A modificação da sede de exercício do servidor para outro lugar, em caráter
permanente, pode ocorrer por meio dos institutos da remoção e da cessão para ocupar cargo em
comissão.
8.
A própria Lei nº 8.112/90, em seu art. 53, indica a finalidade da ajuda de
custo, qual seja, compensar as despesas de instalação do servidor na nova sede.
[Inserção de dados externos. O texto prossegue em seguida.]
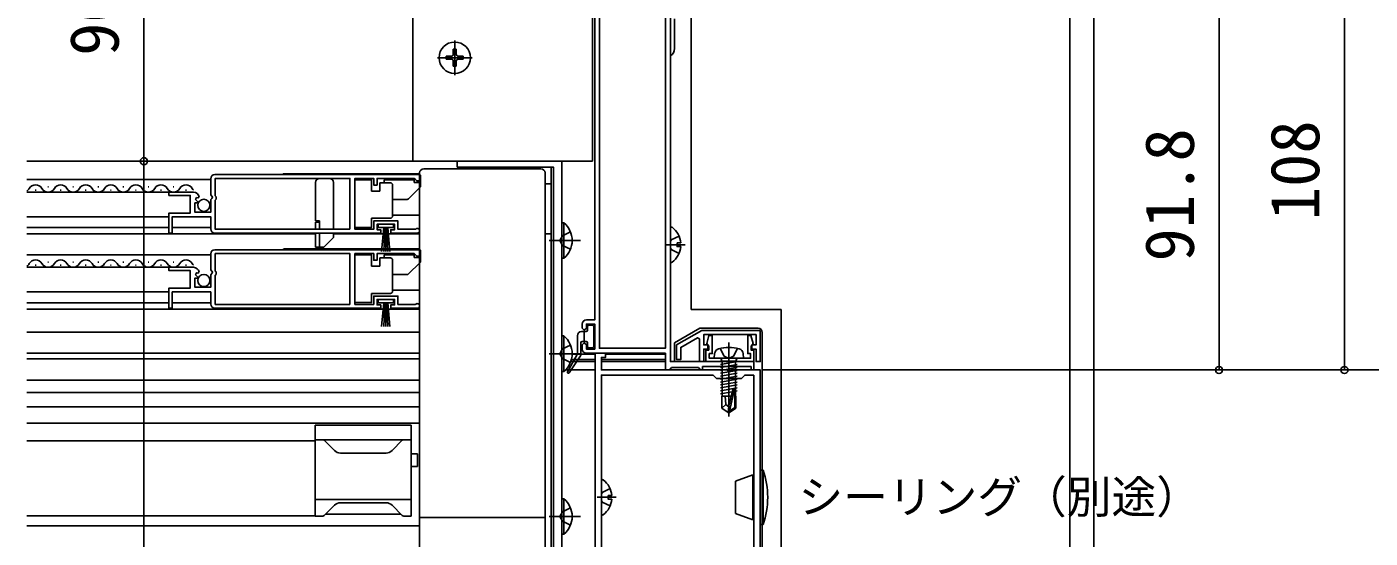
# Model space of a CAD drawing. Units: millimetres, scale not verified. Extents: x -700 to 700, y -1043 to 1038.
# Drawn here: x 184.6 to 506.1, y -665.3 to -542.8 of the extents above; entities that cross this region are included whole.
import ezdxf
from ezdxf.enums import TextEntityAlignment as Align

# ---------------------------------------------------------------- set-up
doc = ezdxf.new("R2010")
doc.units = ezdxf.units.MM
doc.header["$LTSCALE"] = 6
for name, color, linetype in [('0-2_YKK_11', 7, 'Continuous'), ('0-4_YKK_12', 2, 'Continuous'), ('0-5_YKK_13', 4, 'Continuous'), ('0-7_YKK_D', 6, 'Continuous')]:
    doc.layers.add(name, color=color, linetype=linetype)
doc.styles.add('ＭＳ ゴシック', font='')
doc.styles.get('ＭＳ ゴシック').set_extended_font_data('MS Gothic')

msp = doc.modelspace()

# ---------------------------------------------------------------- linework, layer by layer
at = {"layer": '0-2_YKK_11'}
for p, q in [((278.6, -578.2), (229.6, -578.2)), ((278.6, -596.2), (229.6, -596.2))]:
    msp.add_line(p, q, dxfattribs=at)
for points in [[(338.6, -518), (338.6, -623), (358.6, -623), (358.6, -625), (357.9, -625), (357.9, -624.2), (346.3, -624.2), (346.3, -625), (345.9, -625), (345.6, -624.7), (345.3, -624.4), (338.9, -624.4), (338.6, -624.7), (338.3, -625), (337.4, -625), (337.4, -621), (318.5, -621)], [(318.5, -613), (320.5, -613), (320.5, -533.2), (298.6, -533.2), (298.6, -532), (299.7, -532), (299.7, -527.458), (299.82, -527.275), (299.82, -526.725), (299.7, -526.542), (299.7, -522.6)], [(312.6, -774.7), (312.6, -575), (287.6, -575), (287.6, -576.4), (310.6, -576.4), (310.6, -774.7)], [(277.696, -591.229), (277.502, -591.3), (273.4, -591.3), (273.4, -589.3), (267.6, -589.3), (267.6, -591.3), (263.103, -591.3), (263.103, -579.1), (267.6, -579.1), (267.6, -580.7), (268.4, -580.7), (268.4, -579.1), (277.3, -579.1), (277.6, -579.4), (277.9, -579.7), (278.6, -579.7), (278.6, -578.2)], [(228.6, -579.2), (228.6, -583.031), (229.053, -583.571), (228.9, -583.9), (228.6, -584.2), (228.6, -587.2), (224.8, -587.2), (224.8, -585), (225.417, -585), (225.524, -584.741), (224.959, -584.176), (225.229, -583.708), (225.548, -583.793), (225.799, -583.582)], [(224.505, -582.4), (218.6, -582.4), (218.6, -583.2), (223.7, -583.2), (223.7, -587.4), (218.6, -587.4), (218.6, -592.2), (219.4, -592.2), (219.4, -588.3), (228.6, -588.3), (228.6, -591.2)], [(229.6, -592.2), (269.3, -592.2), (269.3, -591.4), (268.4, -591.4), (268.4, -590.1), (272.6, -590.1), (272.6, -591.4), (271.7, -591.4), (271.7, -592.2), (278.05, -592.2)], [(228.6, -597.2), (228.6, -601.031), (229.053, -601.571), (228.9, -601.9), (228.6, -602.2), (228.6, -605.2), (224.8, -605.2), (224.8, -603), (225.417, -603), (225.524, -602.741), (224.959, -602.176), (225.229, -601.708), (225.548, -601.793), (225.799, -601.582)], [(277.696, -609.229), (277.502, -609.3), (273.4, -609.3), (273.4, -607.3), (267.6, -607.3), (267.6, -609.3), (263.103, -609.3), (263.103, -597.1), (267.6, -597.1), (267.6, -598.7), (268.4, -598.7), (268.4, -597.1), (277.3, -597.1), (277.6, -597.4), (277.9, -597.7), (278.6, -597.7), (278.6, -596.2)], [(224.505, -600.4), (218.6, -600.4), (218.6, -601.2), (223.7, -601.2), (223.7, -605.4), (218.6, -605.4), (218.6, -610.2), (219.4, -610.2), (219.4, -606.3), (228.6, -606.3), (228.6, -609.2)], [(229.6, -610.2), (269.3, -610.2), (269.3, -609.4), (268.4, -609.4), (268.4, -608.1), (272.6, -608.1), (272.6, -609.4), (271.7, -609.4), (271.7, -610.2), (278.05, -610.2)], [(317.5, -620), (317.5, -619), (318, -618.5), (318.5, -619), (318.5, -620), (320.5, -620), (320.5, -614), (318.5, -614), (318.5, -615), (318, -615.5), (317.5, -615), (317.5, -614)], [(320.6, -747), (320.6, -621), (323.1, -621), (323.1, -622), (322.1, -622), (322.1, -625), (352.142, -625), (352.325, -625.12), (352.875, -625.12), (353.058, -625), (360.1, -625), (360.1, -742.8)]]:
    msp.add_lwpolyline(points, dxfattribs=at)
for points in [[(321.6, -533.2), (321.6, -619.8), (337.4, -619.8), (337.4, -533.2)], [(261.903, -591.3), (229.7, -591.3), (229.7, -584.3), (229.9, -584.1), (229.9, -583.5), (229.7, -583.3), (229.7, -579.1), (261.903, -579.1)], [(261.903, -609.3), (229.7, -609.3), (229.7, -602.3), (229.9, -602.1), (229.9, -601.5), (229.7, -601.3), (229.7, -597.1), (261.903, -597.1)], [(360.1, -615.501), (346.162, -615.501), (340.1, -619.001), (340.1, -622.501), (341.1, -622.501), (341.1, -619.578), (345.1, -617.269), (345.6, -617.558), (345.6, -623.001), (346.6, -623.001), (346.6, -620.001), (347.6, -620.001), (347.6, -619.001), (346.6, -619.001), (346.6, -616.501), (359.1, -616.501), (359.1, -619.001), (358.1, -619.001), (358.1, -620.001), (359.1, -620.001), (359.1, -623.001), (360.1, -623.001)], [(358.6, -626.2), (358.6, -745.7), (345.138, -745.7), (335.138, -735.7), (322.1, -735.7), (322.1, -626.2), (348.8, -626.2), (349.6, -627), (355.6, -627), (356.4, -626.2)]]:
    msp.add_lwpolyline(points, close=True, dxfattribs=at)
for centre, radius, start, end in [((229.6, -579.2), 1, 90.00001, 179.99999), ((224.505, -583.7), 1.3, 5.2159, 90.00002), ((229.6, -591.2), 1, 180.00001, 269.99999), ((278.05, -591.65), 0.55, 269.99998, 130.11937), ((229.6, -597.2), 1, 90.00001, 179.99999), ((224.505, -601.7), 1.3, 5.2159, 90.00002), ((229.6, -609.2), 1, 180.00001, 269.99999), ((278.05, -609.65), 0.55, 269.99998, 130.11937), ((318.5, -614), 1, 90.00001, 179.99999), ((318.5, -620), 1, 180.00001, 269.99999)]:
    msp.add_arc(centre, radius, start, end, dxfattribs=at)
at = {"layer": '0-4_YKK_12'}
for p, q in [((434.199, -739), (434.199, -301.909)), ((439.899, -301.909), (439.899, -739)), ((343.6, -610.501), (343.6, -474.798)), ((184.6, -575), (310.097, -575)), ((310.1, -576.4), (310.1, -735)), ((228.605, -579.4), (184.6, -579.4)), ((189.59, -581.14), (189.79, -581.14)), ((195.59, -581.14), (195.79, -581.14)), ((201.59, -581.14), (201.79, -581.14)), ((207.59, -581.14), (207.79, -581.14)), ((213.59, -581.14), (213.79, -581.14)), ((219.59, -581.14), (219.79, -581.14)), ((308.6, -580.397), (310.097, -580.397)), ((218.605, -582.4), (184.6, -582.4)), ((186.59, -581.9), (186.79, -581.9)), ((192.59, -581.9), (192.79, -581.9)), ((192.59, -581.9), (192.79, -581.9)), ((198.59, -581.9), (198.79, -581.9)), ((204.59, -581.9), (204.79, -581.9)), ((210.59, -581.9), (210.79, -581.9)), ((216.59, -581.9), (216.79, -581.9)), ((222.59, -581.9), (222.79, -581.9)), ((263.103, -587.897), (263.102, -587.897)), ((263.103, -587.897), (263.102, -587.897)), ((278.597, -587.897), (272.102, -587.897)), ((278.597, -587.897), (272.102, -587.897)), ((218.605, -588.3), (184.6, -588.3)), ((218.605, -590.9), (184.6, -590.9)), ((228.605, -590.9), (219.405, -590.9)), ((184.6, -592.4), (253.661, -592.4)), ((257.958, -592.4), (278.6, -592.4)), ((308.6, -592.4), (310.097, -592.4)), ((228.605, -597.4), (184.6, -597.4)), ((218.605, -600.4), (184.6, -600.4)), ((186.59, -599.9), (186.79, -599.9)), ((189.59, -599.14), (189.79, -599.14)), ((192.59, -599.9), (192.79, -599.9)), ((195.59, -599.14), (195.79, -599.14)), ((198.59, -599.9), (198.79, -599.9)), ((201.59, -599.14), (201.79, -599.14)), ((204.59, -599.9), (204.79, -599.9)), ((207.59, -599.14), (207.79, -599.14)), ((210.59, -599.9), (210.79, -599.9)), ((213.59, -599.14), (213.79, -599.14)), ((216.59, -599.9), (216.79, -599.9)), ((219.59, -599.14), (219.79, -599.14)), ((222.59, -599.9), (222.79, -599.9)), ((218.605, -606.3), (184.6, -606.3)), ((261.9, -605.897), (261.899, -605.897)), ((261.903, -605.897), (261.902, -605.897)), ((263.1, -605.897), (263.099, -605.897)), ((263.103, -605.897), (263.102, -605.897)), ((278.594, -605.897), (272.099, -605.897)), ((278.597, -605.897), (272.102, -605.897)), ((218.605, -608.9), (184.6, -608.9)), ((184.6, -610.4), (278.6, -610.4)), ((228.605, -608.9), (219.405, -608.9)), ((365.1, -610.501), (343.6, -610.501)), ((365.1, -610.501), (365.1, -730.501)), ((184.6, -615.9), (278.6, -615.9)), ((320.6, -623.002), (314.763, -623.002)), ((320.6, -622.502), (314.919, -622.502)), ((320.617, -621.202), (315.099, -621.202)), ((333.9, -622.498), (322.1, -622.498)), ((337.4, -622.502), (322.1, -622.502)), ((333.9, -622.998), (322.1, -622.998)), ((337.4, -623.002), (322.1, -623.002)), ((337.383, -621.202), (323.083, -621.202)), ((310.108, -624.998), (310.1, -624.998)), ((320.6, -624.998), (313.493, -624.998)), ((333.9, -624.998), (322.369, -624.998)), ((278.597, -627.401), (184.6, -627.401)), ((278.597, -630.401), (184.6, -630.401)), ((278.597, -633.801), (184.6, -633.801)), ((278.597, -637.701), (184.6, -637.701)), ((253.597, -642), (184.6, -642)), ((253.597, -659.9), (184.6, -659.9))]:
    msp.add_line(p, q, dxfattribs=at)
for centre, start, end in [((183.69, -580.682), 301.9694, 330.80936), ((186.69, -582.358), 29.19937, 150.80063), ((189.69, -580.682), 209.19937, 330.80936), ((192.69, -582.358), 29.19937, 150.80063), ((195.69, -580.682), 209.19064, 330.80936), ((198.69, -582.358), 29.19937, 150.80063), ((201.69, -580.682), 209.19937, 330.80936), ((204.69, -582.358), 29.19937, 150.80063), ((207.69, -580.682), 209.19064, 330.80936), ((210.69, -582.358), 29.19937, 150.80063), ((213.69, -580.682), 209.19064, 330.80936), ((216.69, -582.358), 29.19937, 150.80063), ((219.69, -580.682), 209.19064, 330.80936), ((222.69, -582.358), 29.19937, 150.80063), ((225.69, -580.682), 209.19064, 226.58563), ((183.69, -598.682), 301.96939, 330.80936), ((186.69, -600.358), 29.19937, 150.80063), ((189.69, -598.682), 209.19937, 330.80936), ((192.69, -600.358), 29.19937, 150.80063), ((195.69, -598.682), 209.19064, 330.80936), ((198.69, -600.358), 29.19937, 150.80063), ((201.69, -598.682), 209.19937, 330.80936), ((204.69, -600.358), 29.19937, 150.80063), ((207.69, -598.682), 209.19064, 330.80936), ((210.69, -600.358), 29.19937, 150.80063), ((213.69, -598.682), 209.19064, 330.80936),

Portanto, o que se
procura indenizar com a ajuda de custo são os dispêndios comuns e inevitáveis que o servidor tem
para se instalar, sem planejamento prévio e com rapidez necessária, na nova sede.
9.
Embora a legislação titule a ajuda de custo como uma indenização, ao
verificar sua natureza e forma de concessão, percebe-se que se trata de um auxílio financeiro, haja
vista que não é concedida mediante a apresentação de contra-recibo e, por possuir valor variável,
pode cobrir ou não integralmente as despesas de instalação do servidor.
10.
Consciente de que todas as pessoas que alteram seu domicílio, para exercer
uma atividade no interesse da administração pública federal terão despesas ocasionadas pela
necessária instalação na nova sede, a Lei nº 8.112/90, em seu art. 56, estendeu o direito à percepção
de ajuda de custo para aquelas outras pessoas, que mesmo não detendo a condição de servidores
efetivos da União, forem nomeadas para cargos em comissão, nos seguintes termos:
Art. 56. Será concedida ajuda de custo àquele que, não sendo servidor da União,
for nomeado para cargo em comissão, com mudança de domicílio.
11.
Com o propósito de regulamentar os dispositivos da Lei nº 8.112/90, que
prevêem o direito ao recebimento da indenização de ajuda de custo e da indenização de transporte,
tanto pessoal quanto de mobiliários residenciais, em primeiro lugar, foi editado o Decreto nº 1.445,
de 05 de abril de 1995, o qual foi posteriormente alterado pelo Decreto nº 1.637, de 15 de setembro
de 1995.
12.
Em seguida, foi editado o Decreto nº 4.004/01, que revogou o Decreto nº
1.445/95 e atualmente encontra-se em vigor.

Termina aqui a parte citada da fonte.